> _Task requirements_
Your answer should give again, exactly, the lines from the beginning of the entries below through the line containing "floor ground (EU_floor_Construction): 16.03,5.98". It must contain no pictures.

-- Records to use follows --

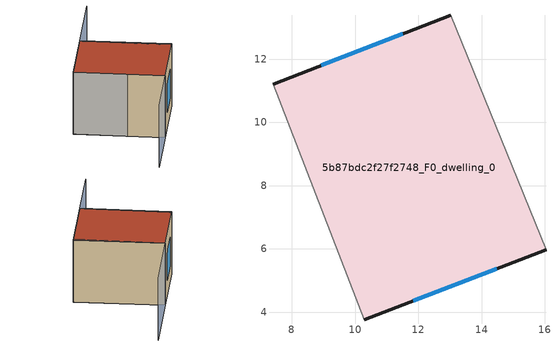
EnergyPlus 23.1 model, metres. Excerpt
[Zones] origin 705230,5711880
5b87bdc2f27f2748_F0_dwelling_0
 floor ground (EU_floor_Construction): 16.03,5.98 13.02,13.38 7.41,11.21 10.29,3.76 z0
 wall outside (EU_wall_Construction): 7.41,11.21 13.02,13.38 / 16.03,5.98 10.29,3.76 z0:6
 wall adiabatic (EU_wall_Construction): 13.02,13.38 16.03,5.98 / 10.29,3.76 7.41,11.21 z0:6
 window (EU_Window_Construction): 8.93,11.8 11.5,12.8 / 14.48,5.38 11.84,4.36 z1.62:4.38
 roof outside (EU_roof_Construction): 13.02,13.38 16.03,5.98 10.29,3.76 7.41,11.21 z6
shading: 7.4,11.22 10.29,3.76 / 10.29,3.76 5.04,1.72 / 15.92,5.93 13.02,13.38 / 13.02,13.38 19.28,15.81 z0:6
[Building]
EU S2 Campaign: North Axis=0; Terrain=City; Solar Distribution=FullExterior
[Site:Location]
London: Latitude=51.5; Longitude=-0.5; Time Zone=0; Elevation=25
[SizingPeriod:WeatherFileDays]
AnnualSizingPeriod: Begin Month=1; Begin Day of Month=1; End Month=12; End Day of Month=31; Day of Week for Start Day=Monday; Use Weather File Daylight Saving Period=No; Use Weather File Rain and Snow Indicators=No
[MATERIAL]
EU_InternalMass_Material: Roughness=MediumRough; Thickness=0.1; Conductivity=1; Density=1800; Specific Heat=900; Thermal Absorptance=0.9; Solar Absorptance=0.7; Visible Absorptance=0.7
[MATERIAL:NOMASS] Roughness=MediumRough; Thermal Absorptance=0.9; Solar Absorptance=0.7; Visible Absorptance=0.7
Name | Thermal Resistance
EU_wall_NoMass | 0.727863
EU_roof_NoMass | 0.773354
EU_floor_NoMass | 1.79329
[WINDOWMATERIAL:SIMPLEGLAZINGSYSTEM]
EU_Window_SimpleGlazing: UFactor=2.58614; Solar Heat Gain Coefficient=0.76; Visible Transmittance=0.76
[CONSTRUCTION]
EU_wall_Construction: EU_wall_NoMass
EU_roof_Construction: EU_roof_NoMass
EU_floor_Construction: EU_floor_NoMass
EU_InternalMass_Construction: EU_InternalMass_Material
EU_Window_Construction: EU_Window_SimpleGlazing
[ZONE]
5b87bdc2f27f2748_F0_dwelling_0: Type=1; Multiplier=1; Ceiling Height=autocalculate; Volume=291.785; Floor Area=autocalculate; Part of Total Floor Area=Yes
[INTERNALMASS]
5b87bdc2f27f2748_F0_dwelling_0_EU_InternalMass: Construction=EU_InternalMass_Construction; Zone or ZoneList=5b87bdc2f27f2748_F0_dwelling_0; Surface Area=48.6309
[OTHEREQUIPMENT]
EU_Step8_InternalGain_5b87bdc2f27f2748_F0_dwelling_0_f000: Fuel Type=Electricity; Zone or ZoneList or Space or SpaceList=5b87bdc2f27f2748_F0_dwelling_0; Schedule=EU_Step8_GainSchedule_5b87bdc2f27f2748_F0_dwelling_0_f000; Design Level Calculation Method=Watts/Area; Power per Zone Floor Area=1; Fraction Latent=0; Fraction Radiant=0; Fraction Lost=0; Carbon Dioxide Generation Rate=0; EndUse Subcategory=EU_Step8_InternalGains
[ZONEVENTILATION:DESIGNFLOWRATE]
EU_ConstantAir_5b87bdc2f27f2748_F0_dwelling_0: Zone or ZoneList or Space or SpaceList=5b87bdc2f27f2748_F0_dwelling_0; Schedule=EU_AlwaysOn; Design Flow Rate Calculation Method=AirChanges/Hour; Air Changes per Hour=0.484901; Ventilation Type=Natural; Fan Pressure Rise=0; Fan Total Efficiency=1; Constant Term Coefficient=1; Temperature Term Coefficient=0; Velocity Term Coefficient=0; Velocity Squared Term Coefficient=0; Minimum Indoor Temperature=-100; Maximum Indoor Temperature=100; Delta Temperature=-100; Minimum Outdoor Temperature=-100; Maximum Outdoor Temperature=100; Maximum Wind Speed=40
[HVACTEMPLATE:THERMOSTAT]
EU_HeatOnly_5b87bdc2f27f2748_F0_dwelling_0: Constant Heating Setpoint=20; Constant Cooling Setpoint=50
[HVACTEMPLATE:ZONE:IDEALLOADSAIRSYSTEM]
5b87bdc2f27f2748_F0_dwelling_0: Template Thermostat=EU_HeatOnly_5b87bdc2f27f2748_F0_dwelling_0; System Availability Schedule=EU_AlwaysOn; Maximum Heating Supply Air Temperature=50; Minimum Cooling Supply Air Temperature=13; Maximum Heating Supply Air Humidity Ratio=0.0156; Minimum Cooling Supply Air Humidity Ratio=0.0077; Heating Limit=NoLimit; Cooling Limit=NoLimit; Heating Availability Schedule=EU_AlwaysOn; Cooling Availability Schedule=EU_CoolingOff; Dehumidification Control Type=ConstantSensibleHeatRatio; Cooling Sensible Heat Ratio=0.7; Dehumidification Setpoint=60; Humidification Control Type=None; Humidification Setpoint=30; Outdoor Air Method=None; Outdoor Air Flow Rate per Person=0.00944; Outdoor Air Flow Rate per Zone Floor Area=0; Outdoor Air Flow Rate per Zone=0; Demand Controlled Ventilation Type=None; Outdoor Air Economizer Type=NoEconomizer; Heat Recovery Type=None; Sensible Heat Recovery Effectiveness=0.7; Latent Heat Recovery Effectiveness=0.65
[SIZING:ZONE]
5b87bdc2f27f2748_F0_dwelling_0: Zone Cooling Design Supply Air Temperature Input Method=SupplyAirTemperature; Zone Cooling Design Supply Air Temperature=13; Zone Heating Design Supply Air Temperature Input Method=SupplyAirTemperature; Zone Heating Design Supply Air Temperature=50; Zone Cooling Design Supply Air Humidity Ratio=0.008; Zone Heating Design Supply Air Humidity Ratio=0.008; Cooling Design Air Flow Method=DesignDay; Cooling Design Air Flow Rate=0; Cooling Minimum Air Flow per Zone Floor Area=0.000762; Cooling Minimum Air Flow=0; Cooling Minimum Air Flow Fraction=0.2; Heating Design Air Flow Method=DesignDay; Heating Design Air Flow Rate=0; Heating Maximum Air Flow per Zone Floor Area=0.002032; Heating Maximum Air Flow=0.141576; Heating Maximum Air Flow Fraction=0.3; Account for Dedicated Outdoor Air System=No; Dedicated Outdoor Air System Control Strategy=NeutralSupplyAir; Dedicated Outdoor Air Low Setpoint Temperature for Design=autosize; Dedicated Outdoor Air High Setpoint Temperature for Design=autosize; Zone Load Sizing Method=Sensible Load Only No Latent Load; Zone Latent Cooling Design Supply Air Humidity Ratio Input Method=HumidityRatioDifference; Zone Cooling Design Supply Air Humidity Ratio Difference=0.005; Zone Latent Heating Design Supply Air Humidity Ratio Input Method=HumidityRatioDifference; Zone Humidification Design Supply Air Humidity Ratio Difference=0.005
[SCHEDULE:CONSTANT]
Name | Hourly Value
EU_AlwaysOn | 1
EU_CoolingOff | 0
[SCHEDULE:FILE]
EU_Step8_GainSchedule_5b87bdc2f27f2748_F0_dwelling_0_f000: File=../../schedules/5b87bdc2f27f2748/5b87bdc2f27f2748_F0_dwelling_0_f000_gain.csv; Column Number=1; Rows to Skip at Top=0; Number of Hours of Data=8760; Column Separator=Comma; Interpolate to Timestep=No; Minutes per Item=60; Adjust Schedule for Daylight Savings=Yes

-- Records to use concluded --

> _Solution below_
EnergyPlus 23.1 model, metres. Excerpt
[Zones] origin 705230,5711880
5b87bdc2f27f2748_F0_dwelling_0
 floor ground (EU_floor_Construction): 16.03,5.98 13.02,13.38 7.41,11.21 10.29,3.76 z0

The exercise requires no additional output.